Results: Records of 14,996 women were available for analysis (n= 8,879 pre-intervention and 6,087 post-intervention). Demographic characteristics between the two groups were similar. Significant improvements in MM (1,104/100,000 [1.10%] vs 279/100,000 [0.28%], P<.001) and PPH (14.01% vs 4.90%, P<.001) were observed pre- vs post-intervention. Infant mortality also improved (3.44% vs 2.58%, P=.004) but was still high. Laboratory evaluations (only drawn when deemed “in distress” due to resource limitation) on admission were available for ≈13% of women (n=1,954) and revealed that anemia or thrombocytopenia were strongly associated with PPH, in the pre- as well as the post-intervention period. Despite the sharp decline in post-intervention PPH, moderate and severe anemia (hemoglobin <10 g/dL) remained a strong PPH risk factor (AOR=3.31, P<.001). The same was true for thrombocytopenia (platelets <150 x109/L) (AOR=4.55, P<.001). The risk of PPH increased with increasing anemia severity and was additive in the presence of thrombocytopenia. Cryoprecipitate and Tranexamic acid were used to intervene in 39.26% (n=117) and 16.11% (n=48) of post-intervention PPH cases, respectively. Across both phases: eclampsia (AOR=3.49, P<.001), parity >4 (AOR=2.50, P<.001), pre-term delivery (AOR=2.00, P<.001), maternal age <20 (OR=1.73, P=.005), maternal age >35 (OR=1.73, P=.001), and pre-eclampsia (AOR=1.66, P<.001) were some of the predominant risk factors associated with PPH. Uterine atony, although rare (147 cases, ≈1%), invariably preceded PPH (135/147, 91.84%). Assessing residency impact, “non-local” women (living outside Maputo, ≈50%) and local women revealed improvements in MM and PPH. However, in general, non-local women tended to have more prevalent risk factors and worse outcomes than local women. In contrast, PPH incidence (≈10%), rates of anemia (≈50%), thrombocytopenia (≈20%), and distributions of hemoglobin and platelets were similar. Also, the strong association of PPH with anemia and/or thrombocytopenia was present pre- and post-intervention for both groups.
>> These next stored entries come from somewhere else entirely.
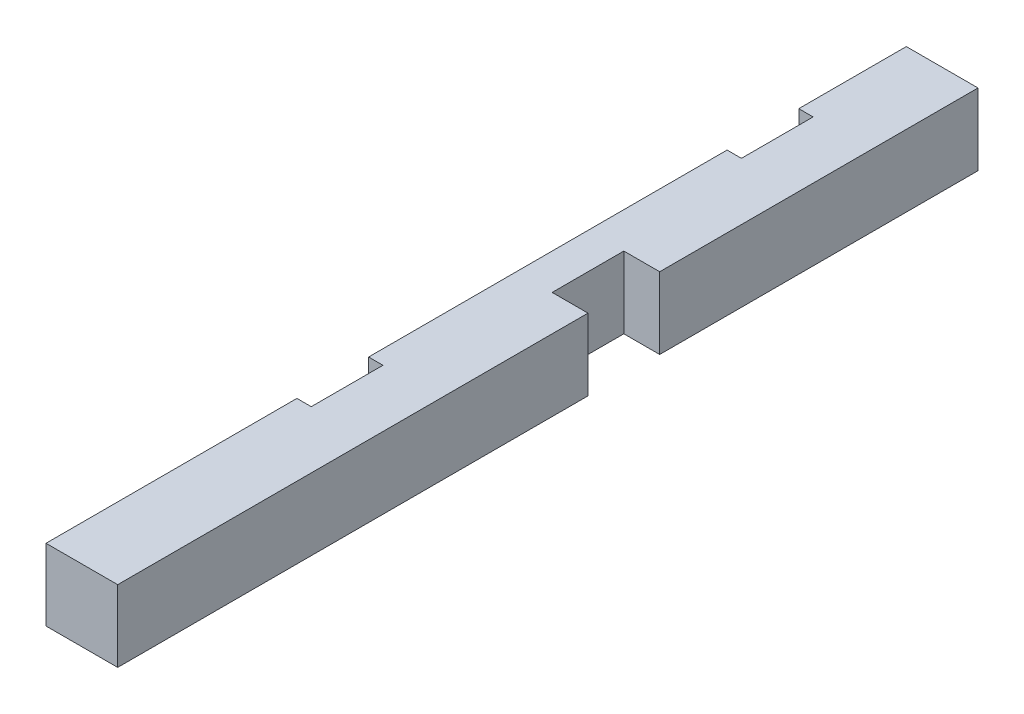
SolidWorks part; units mm, degrees
ref_plane "Plan de face" through (0, 0, 0) normal (0, 0, 1) x (1, 0, 0)
ref_plane "Plan de dessus" through (0, 0, 0) normal (0, 1, 0) x (1, 0, 0)
ref_plane "Plan de droite" through (0, 0, 0) normal (1, 0, 0) x (0, 0, -1)
sketch "Esquisse1" plane through (0, 0, 0) normal (0, 0, 1) x (1, 0, 0)
  line L1 (0, 0) -> (10, 0)
  line L2 (0, 0) -> (0, 10)
  line L3 (0, 10) -> (10, 10)
  line L4 (10, 0) -> (10, 10)
  dimension "D1" = 10
  dimension "D2" = 10
extrude "Boss.-Extru.1" add sketch "Esquisse1" along normal blind 120
sketch "Esquisse2" plane through (0, 10, 0) normal (0, 1, 0) x (1, 0, 0)
  line L0 (10, -120) -> (10, 0) construction
  line L1 (10, -44.4) -> (5, -44.4)
  line L2 (10, -44.4) -> (10, -54.4)
  line L3 (10, -54.4) -> (5, -54.4)
  line L4 (5, -44.4) -> (5, -54.4)
  line L5 (10, 0) -> (0, 0) construction
  point P6 (7.5, -44.4)
  point P9 (5, 0)
  dimension "D1" = 44.4
  dimension "D2" = 10
  dimension "D3" = 5
extrude "Enlèv. mat.-Extru.1" cut sketch "Esquisse2" against normal through all
sketch "Esquisse3" plane through (0, 0, 0) normal (-1, 0, 0) x (0, 0, 1)
  line L0 (120, 0) -> (0, 0) construction
  line L1 (85, 0) -> (75, 0)
  line L2 (85, 0) -> (85, 10)
  line L3 (85, 10) -> (75, 10)
  line L4 (75, 0) -> (75, 10)
  line L5 (120, 10) -> (0, 10) construction
  line L6 (120, 10) -> (120, 0) construction
  dimension "D1" = 10
  dimension "D2" = 35
extrude "Enlèv. mat.-Extru.2" cut sketch "Esquisse3" against normal blind 2
sketch "Esquisse4" plane through (0, 0, 0) normal (0, -1, 0) x (1, 0, 0)
  line L0 (0, 75) -> (0, 0) construction
  line L1 (2, 25) -> (0, 25)
  line L2 (2, 25) -> (2, 15)
  line L3 (2, 15) -> (0, 15)
  line L4 (0, 25) -> (0, 15)
  line L5 (0, 0) -> (10, 0) construction
  point P8 (5, 0)
  dimension "D1" = 10
  dimension "D2" = 2
  dimension "D3" = 15
extrude "Enlèv. mat.-Extru.3" cut sketch "Esquisse4" against normal through all

Conclusions: MM and PPH were extremely high during the pre-intervention phase and associated with correctable risk factors (including pre-natal anemia). The substantial reduction of MM and PPH following a dedicated effort to institute a multi-faceted PPH prevention and intervention program demonstrates the effectiveness of those measures as a future guide across the region. Addressing management of prenatal anemia, which facilitates PPH, may be additional steps to improve MM.

Disclosures: von Drygalski: Biomarin: Consultancy, Honoraria; Regeneron: Consultancy, Honoraria; Pfizer: Consultancy, Research Funding; Bioverativ/Sanofi: Consultancy, Research Funding; CSL-Behring: Consultancy, Honoraria; Novo Nordisk: Consultancy, Honoraria; Sparx Therapeutics: Consultancy, Honoraria; Takeda: Consultancy, Honoraria; Genentech: Consultancy, Honoraria; Hematherix LLC: Other: Co-founder.